**Instructions to follow:**
Copy every line of the following data that includes the string "precision".
### Data to examine ###
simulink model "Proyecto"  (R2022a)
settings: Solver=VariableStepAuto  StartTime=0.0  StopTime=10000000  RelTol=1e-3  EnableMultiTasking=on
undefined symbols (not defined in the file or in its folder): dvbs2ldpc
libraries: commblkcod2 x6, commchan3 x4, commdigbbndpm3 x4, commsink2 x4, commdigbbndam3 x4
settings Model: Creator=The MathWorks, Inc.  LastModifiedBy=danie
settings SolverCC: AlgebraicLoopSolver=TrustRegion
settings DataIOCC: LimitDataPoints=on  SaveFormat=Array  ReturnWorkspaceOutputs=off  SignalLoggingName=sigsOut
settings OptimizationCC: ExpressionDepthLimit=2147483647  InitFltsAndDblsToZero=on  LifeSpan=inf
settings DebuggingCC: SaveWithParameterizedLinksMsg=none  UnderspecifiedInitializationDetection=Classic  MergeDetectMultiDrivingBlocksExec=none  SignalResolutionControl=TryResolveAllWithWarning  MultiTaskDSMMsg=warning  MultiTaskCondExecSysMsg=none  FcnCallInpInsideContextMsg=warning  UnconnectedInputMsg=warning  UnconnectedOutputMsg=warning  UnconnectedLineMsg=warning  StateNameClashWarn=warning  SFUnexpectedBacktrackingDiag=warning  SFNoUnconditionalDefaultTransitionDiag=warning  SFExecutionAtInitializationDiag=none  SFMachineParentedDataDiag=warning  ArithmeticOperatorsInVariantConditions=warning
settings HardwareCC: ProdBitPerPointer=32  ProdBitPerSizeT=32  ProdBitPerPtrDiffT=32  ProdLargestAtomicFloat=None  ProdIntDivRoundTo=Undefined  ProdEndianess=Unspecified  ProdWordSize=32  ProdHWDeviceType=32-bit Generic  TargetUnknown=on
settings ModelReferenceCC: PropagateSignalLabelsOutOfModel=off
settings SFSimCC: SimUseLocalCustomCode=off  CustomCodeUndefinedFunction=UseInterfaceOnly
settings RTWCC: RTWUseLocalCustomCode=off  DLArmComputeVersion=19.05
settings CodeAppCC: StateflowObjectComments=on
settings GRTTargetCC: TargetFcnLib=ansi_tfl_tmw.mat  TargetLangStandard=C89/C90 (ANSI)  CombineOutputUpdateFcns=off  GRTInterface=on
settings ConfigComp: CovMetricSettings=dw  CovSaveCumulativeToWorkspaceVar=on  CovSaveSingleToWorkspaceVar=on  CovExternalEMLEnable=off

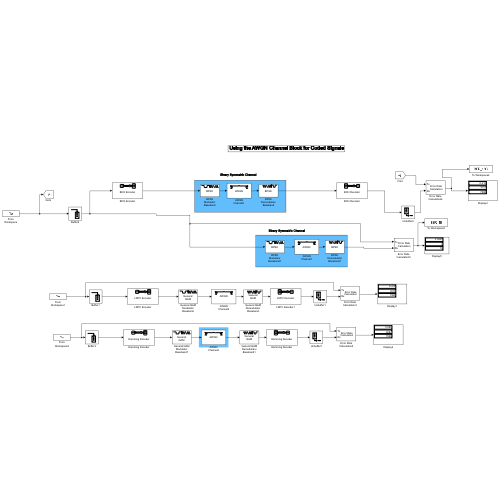
[thumbnail: Simulink's stored preview of the top-level diagram]
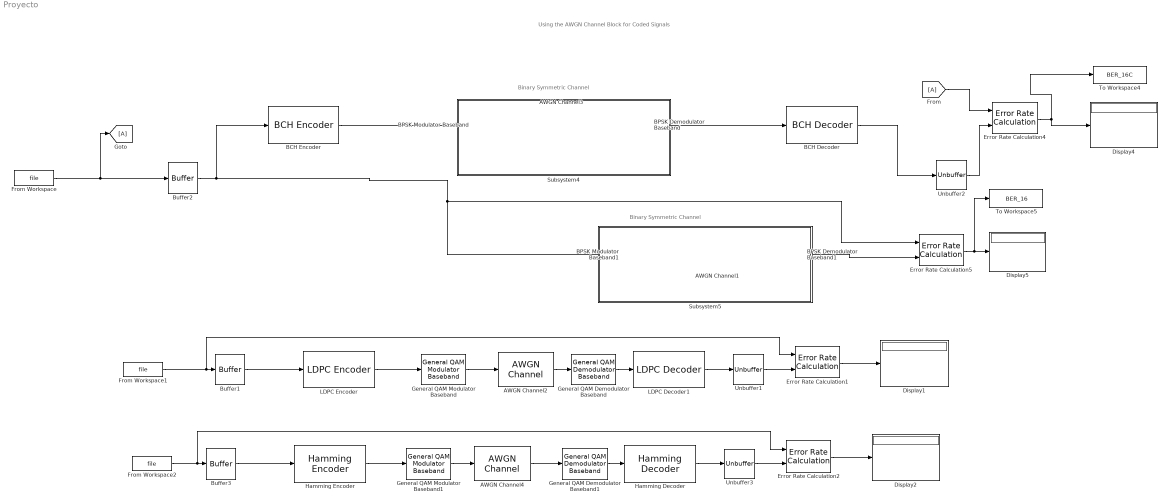
== system Proyecto ==
  note: Using the AWGN Channel Block for Coded Signals
  note: Binary Symmetric Channel
  note: Binary Symmetric Channel
  AWGN Channel1 : commchan3/AWGN Channel  InputProcessing=Columns as channels (frame based)  seed=67  noiseMode="Signal to noise ratio  (Eb/No)"  EbNodB=3  EsNodB=10  SNRdB=10  bitsPerSym=1  Ps=1  Tsym=1  variance=1
  AWGN Channel2 : commchan3/AWGN Channel  InputProcessing=Columns as channels (frame based)  seed=67  noiseMode="Signal to noise ratio  (Eb/No)"  EbNodB=3  EsNodB=10  SNRdB=10  bitsPerSym=1  Ps=2  Tsym=1  variance=1
  AWGN Channel3 : commchan3/AWGN Channel  InputProcessing=Columns as channels (frame based)  seed=67  noiseMode="Signal to noise ratio  (Eb/No)"  EbNodB=3  EsNodB=10  SNRdB=10  bitsPerSym=1  Ps=1  Tsym=1  variance=1
  AWGN Channel4 : commchan3/AWGN Channel  InputProcessing=Columns as channels (frame based)  seed=67  noiseMode="Signal to noise ratio  (Eb/No)"  EbNodB=3  EsNodB=10  SNRdB=10  bitsPerSym=1  Ps=1  Tsym=1  variance=1
  BCH Decoder : commblkcod2/BCH Decoder  n=31  k=16  specShortening=off  shortenedK=5  specGenPoly=off  genPoly='X^10 + X^8 + X^5 + X^4 + X^2 + X + 1'  specPrimPoly=off  prPoly='X^4 + X + 1'  specDisableGenCheck=off  specPuncture=off  punctVec=[ones(8,1); zeros(2,1)]  specErasurePort=off  showNumErr=off
      settings: SourceProductBaseCode=CM
  BCH Encoder : commblkcod2/BCH Encoder  n=31  k=16  specShortening=off  shortenedK=5  specGenPoly=off  genPoly='X^10 + X^8 + X^5 + X^4 + X^2 + X + 1'  specPrimPoly=off  prPoly='X^4 + X + 1'  specDisableGenCheck=off  specPuncture=off  punctVec=[ones(8,1); zeros(2,1)]
      settings: SourceProductBaseCode=CM
  BPSK Demodulator Baseband : commdigbbndpm3/BPSK Demodulator Baseband  DecType=Hard decision  VarSource=Dialog  Variance=1  Ph=0  outDtype=Inherit via internal rule  derotateFactorWordLen=16  derotateFactorDataTypeStr=Inherit: Same word length as input  derotateFactorLastDataTypeStr=Inherit: Same word length as input
  BPSK Demodulator Baseband1 : commdigbbndpm3/BPSK Demodulator Baseband  DecType=Hard decision  VarSource=Dialog  Variance=1  Ph=0  outDtype=Inherit via internal rule  derotateFactorWordLen=16  derotateFactorDataTypeStr=Inherit: Same word length as input  derotateFactorLastDataTypeStr=Inherit: Same word length as input
  BPSK Modulator Baseband : commdigbbndpm3/BPSK Modulator Baseband  Ph=0  outDtype=double  outWordLen=16  outUDDataType=sfix(16)  outFracLenMode=Best precision  outFracLen=15  outDataTypeStr=double  outLastDataTypeStr=double
  BPSK Modulator Baseband1 : commdigbbndpm3/BPSK Modulator Baseband  Ph=0  outDtype=double  outWordLen=16  outUDDataType=sfix(16)  outFracLenMode=Best precision  outFracLen=15  outDataTypeStr=double  outLastDataTypeStr=double
  Buffer1 : Buffer  N=32400  OutputFrames=off
  Buffer2 : Buffer  N=16  OutputFrames=off
  Buffer3 : Buffer  N=11  OutputFrames=off
  Display{1..2,4..5} (4 alike) : Display
  Error Rate Calculation{1..2,4..5} (4 alike) : commsink2/Error Rate Calculation  N=0  st_delay=0  cp_mode=Entire frame  subframe=[]  PMode=Port  WsName=ErrorVec  RsMode2=off  stop=on  numErr=200  maxBits=1e6
  From : From
  From Workspace : FromWorkspace  VariableName=file  SampleTime=1
  From Workspace1 : FromWorkspace  VariableName=file  SampleTime=1/1e6
  From Workspace2 : FromWorkspace  VariableName=file  SampleTime=1/1e6
  General QAM Demodulator Baseband : commdigbbndam3/General QAM Demodulator Baseband  SigCon=[exp(2*pi*1i*[0:63]/64)]  OutType=Integer  DecType=Hard decision  VarSource=Dialog  Variance=1  outDtypeBit=Inherit via internal rule  outDtype=Inherit via internal rule  roundingMode=Floor  overflowMode=Wrap  OvFlMode=off  OvFlModeLastStrValue=off  sigConstWordLen=16  sigConstDataTypeStr=Inherit: Same word length as input  sigConstLastDataTypeStr=Inherit: Same word length as input  accum1WordLen=32  accum1FracLen=30  prodInWordLen=32  prodInFracLen=30  prodInDataTypeStr=Inherit: Same as accumulator 1  prodInLastDataTypeStr=Inherit: Same as accumulator 1  prodOutWordLen=32  prodOutFracLen=30  accum2WordLen=32  accum2FracLen=30  accum3WordLen=32  accum3FracLen=30  nsiWordLen=32  nsiFracLen=30  nsiDataTypeStr=Inherit: Same as accumulator 3  nsiLastDataTypeStr=Inherit: Same as accumulator 3  invn0WordLen=16  invn0FracLen=8  invn0DataTypeStr=Inherit: Same word length as input  invn0LastDataTypeStr=Inherit: Same word length as input  outputWordLen=32  outputFracLen=30
      settings: SourceProductBaseCode=CM
  General QAM Demodulator Baseband1 : commdigbbndam3/General QAM Demodulator Baseband  SigCon=[exp(2*pi*1i*[0:63]/64)]  OutType=Integer  DecType=Hard decision  VarSource=Dialog  Variance=1  outDtypeBit=Inherit via internal rule  outDtype=Inherit via internal rule  roundingMode=Floor  overflowMode=Wrap  OvFlMode=off  OvFlModeLastStrValue=off  sigConstWordLen=16  sigConstDataTypeStr=Inherit: Same word length as input  sigConstLastDataTypeStr=Inherit: Same word length as input  accum1WordLen=32  accum1FracLen=30  prodInWordLen=32  prodInFracLen=30  prodInDataTypeStr=Inherit: Same as accumulator 1  prodInLastDataTypeStr=Inherit: Same as accumulator 1  prodOutWordLen=32  prodOutFracLen=30  accum2WordLen=32  accum2FracLen=30  accum3WordLen=32  accum3FracLen=30  nsiWordLen=32  nsiFracLen=30  nsiDataTypeStr=Inherit: Same as accumulator 3  nsiLastDataTypeStr=Inherit: Same as accumulator 3  invn0WordLen=16  invn0FracLen=8  invn0DataTypeStr=Inherit: Same word length as input  invn0LastDataTypeStr=Inherit: Same word length as input  outputWordLen=32  outputFracLen=30
      settings: SourceProductBaseCode=CM
  General QAM Modulator Baseband : commdigbbndam3/General QAM Modulator Baseband  SigCon=[exp(2*pi*1i*[0:63]/64)]  outDtype=double  outWordLen=16  outUDDataType=sfix(16)  outFracLenMode=Best precision  outFracLen=15  outDataTypeStr=double  outLastDataTypeStr=double
      settings: SourceProductBaseCode=CM
  General QAM Modulator Baseband1 : commdigbbndam3/General QAM Modulator Baseband  SigCon=[exp(2*pi*1i*[0:63]/64)]  outDtype=double  outWordLen=16  outUDDataType=sfix(16)  outFracLenMode=Best precision  outFracLen=15  outDataTypeStr=double  outLastDataTypeStr=double
      settings: SourceProductBaseCode=CM
  Goto : Goto
  Hamming Decoder : commblkcod2/Hamming Decoder  n=15  k=11
      settings: SourceProductBaseCode=CM
  Hamming Encoder : commblkcod2/Hamming Encoder  n=15  k=11
      settings: SourceProductBaseCode=CM
  LDPC Decoder1 : commblkcod2/LDPC Decoder  ParityCheckMat=dvbs2ldpc(1/2)  OutputFmt=Information part  DecisionType=Hard decision  OutputDataType=double  NumIter=50  DoParityCheck=off  OutputNumIter=off  OutputFinalChecks=off
      settings: SourceProductBaseCode=CM
  LDPC Encoder : commblkcod2/LDPC Encoder  ParityCheckMat=dvbs2ldpc(1/2)
      settings: SourceProductBaseCode=CM
  Subsystem4 : Subsystem
      mask Display: disp('')
  Subsystem5 : Subsystem
      mask Display: disp('')
  To Workspace4 : ToWorkspace  VariableName=BER_16C  SaveFormat=Timeseries  SampleTime=-1
  To Workspace5 : ToWorkspace  VariableName=BER_16  SaveFormat=Timeseries  SampleTime=-1
  Unbuffer1 : Unbuffer
  Unbuffer2 : Unbuffer
  Unbuffer3 : Unbuffer
  wires:
  BPSK Demodulator Baseband1/1 -> Error Rate Calculation5/2
  Error Rate Calculation4/1 -> To Workspace4/1, Display4/1
  Error Rate Calculation5/1 -> To Workspace5/1, Display5/1
  Buffer2/1 -> BCH Encoder/1, BPSK Modulator Baseband1/1, Error Rate Calculation5/1
  BPSK Modulator Baseband/1 -> AWGN Channel3/1
  AWGN Channel3/1 -> BPSK Demodulator Baseband/1
  BCH Decoder/1 -> Unbuffer2/1
  Unbuffer2/1 -> Error Rate Calculation4/2
  AWGN Channel1/1 -> BPSK Demodulator Baseband1/1
  BPSK Modulator Baseband1/1 -> AWGN Channel1/1
  From Workspace/1 -> Goto/1, Buffer2/1
  BPSK Demodulator Baseband/1 -> BCH Decoder/1
  From/1 -> Error Rate Calculation4/1
  BCH Encoder/1 -> BPSK Modulator Baseband/1
  Buffer1/1 -> LDPC Encoder/1
  LDPC Encoder/1 -> General QAM Modulator Baseband/1
  General QAM Modulator Baseband/1 -> AWGN Channel2/1
  AWGN Channel2/1 -> General QAM Demodulator Baseband/1
  General QAM Demodulator Baseband/1 -> LDPC Decoder1/1
  LDPC Decoder1/1 -> Unbuffer1/1
  Unbuffer1/1 -> Error Rate Calculation1/2
  Error Rate Calculation1/1 -> Display1/1
  From Workspace2/1 -> Error Rate Calculation2/1, Buffer3/1
  General QAM Modulator Baseband1/1 -> AWGN Channel4/1
  Unbuffer3/1 -> Error Rate Calculation2/2
  General QAM Demodulator Baseband1/1 -> Hamming Decoder/1
  Hamming Decoder/1 -> Unbuffer3/1
  Error Rate Calculation2/1 -> Display2/1
  AWGN Channel4/1 -> General QAM Demodulator Baseband1/1
  Buffer3/1 -> Hamming Encoder/1
  Hamming Encoder/1 -> General QAM Modulator Baseband1/1
  From Workspace1/1 -> Error Rate Calculation1/1, Buffer1/1

== system Proyecto/Subsystem4 ==

== system Proyecto/Subsystem5 ==
###
**Written response:**
  BPSK Modulator Baseband : commdigbbndpm3/BPSK Modulator Baseband  Ph=0  outDtype=double  outWordLen=16  outUDDataType=sfix(16)  outFracLenMode=Best precision  outFracLen=15  outDataTypeStr=double  outLastDataTypeStr=double
  BPSK Modulator Baseband1 : commdigbbndpm3/BPSK Modulator Baseband  Ph=0  outDtype=double  outWordLen=16  outUDDataType=sfix(16)  outFracLenMode=Best precision  outFracLen=15  outDataTypeStr=double  outLastDataTypeStr=double
  General QAM Modulator Baseband : commdigbbndam3/General QAM Modulator Baseband  SigCon=[exp(2*pi*1i*[0:63]/64)]  outDtype=double  outWordLen=16  outUDDataType=sfix(16)  outFracLenMode=Best precision  outFracLen=15  outDataTypeStr=double  outLastDataTypeStr=double
  General QAM Modulator Baseband1 : commdigbbndam3/General QAM Modulator Baseband  SigCon=[exp(2*pi*1i*[0:63]/64)]  outDtype=double  outWordLen=16  outUDDataType=sfix(16)  outFracLenMode=Best precision  outFracLen=15  outDataTypeStr=double  outLastDataTypeStr=double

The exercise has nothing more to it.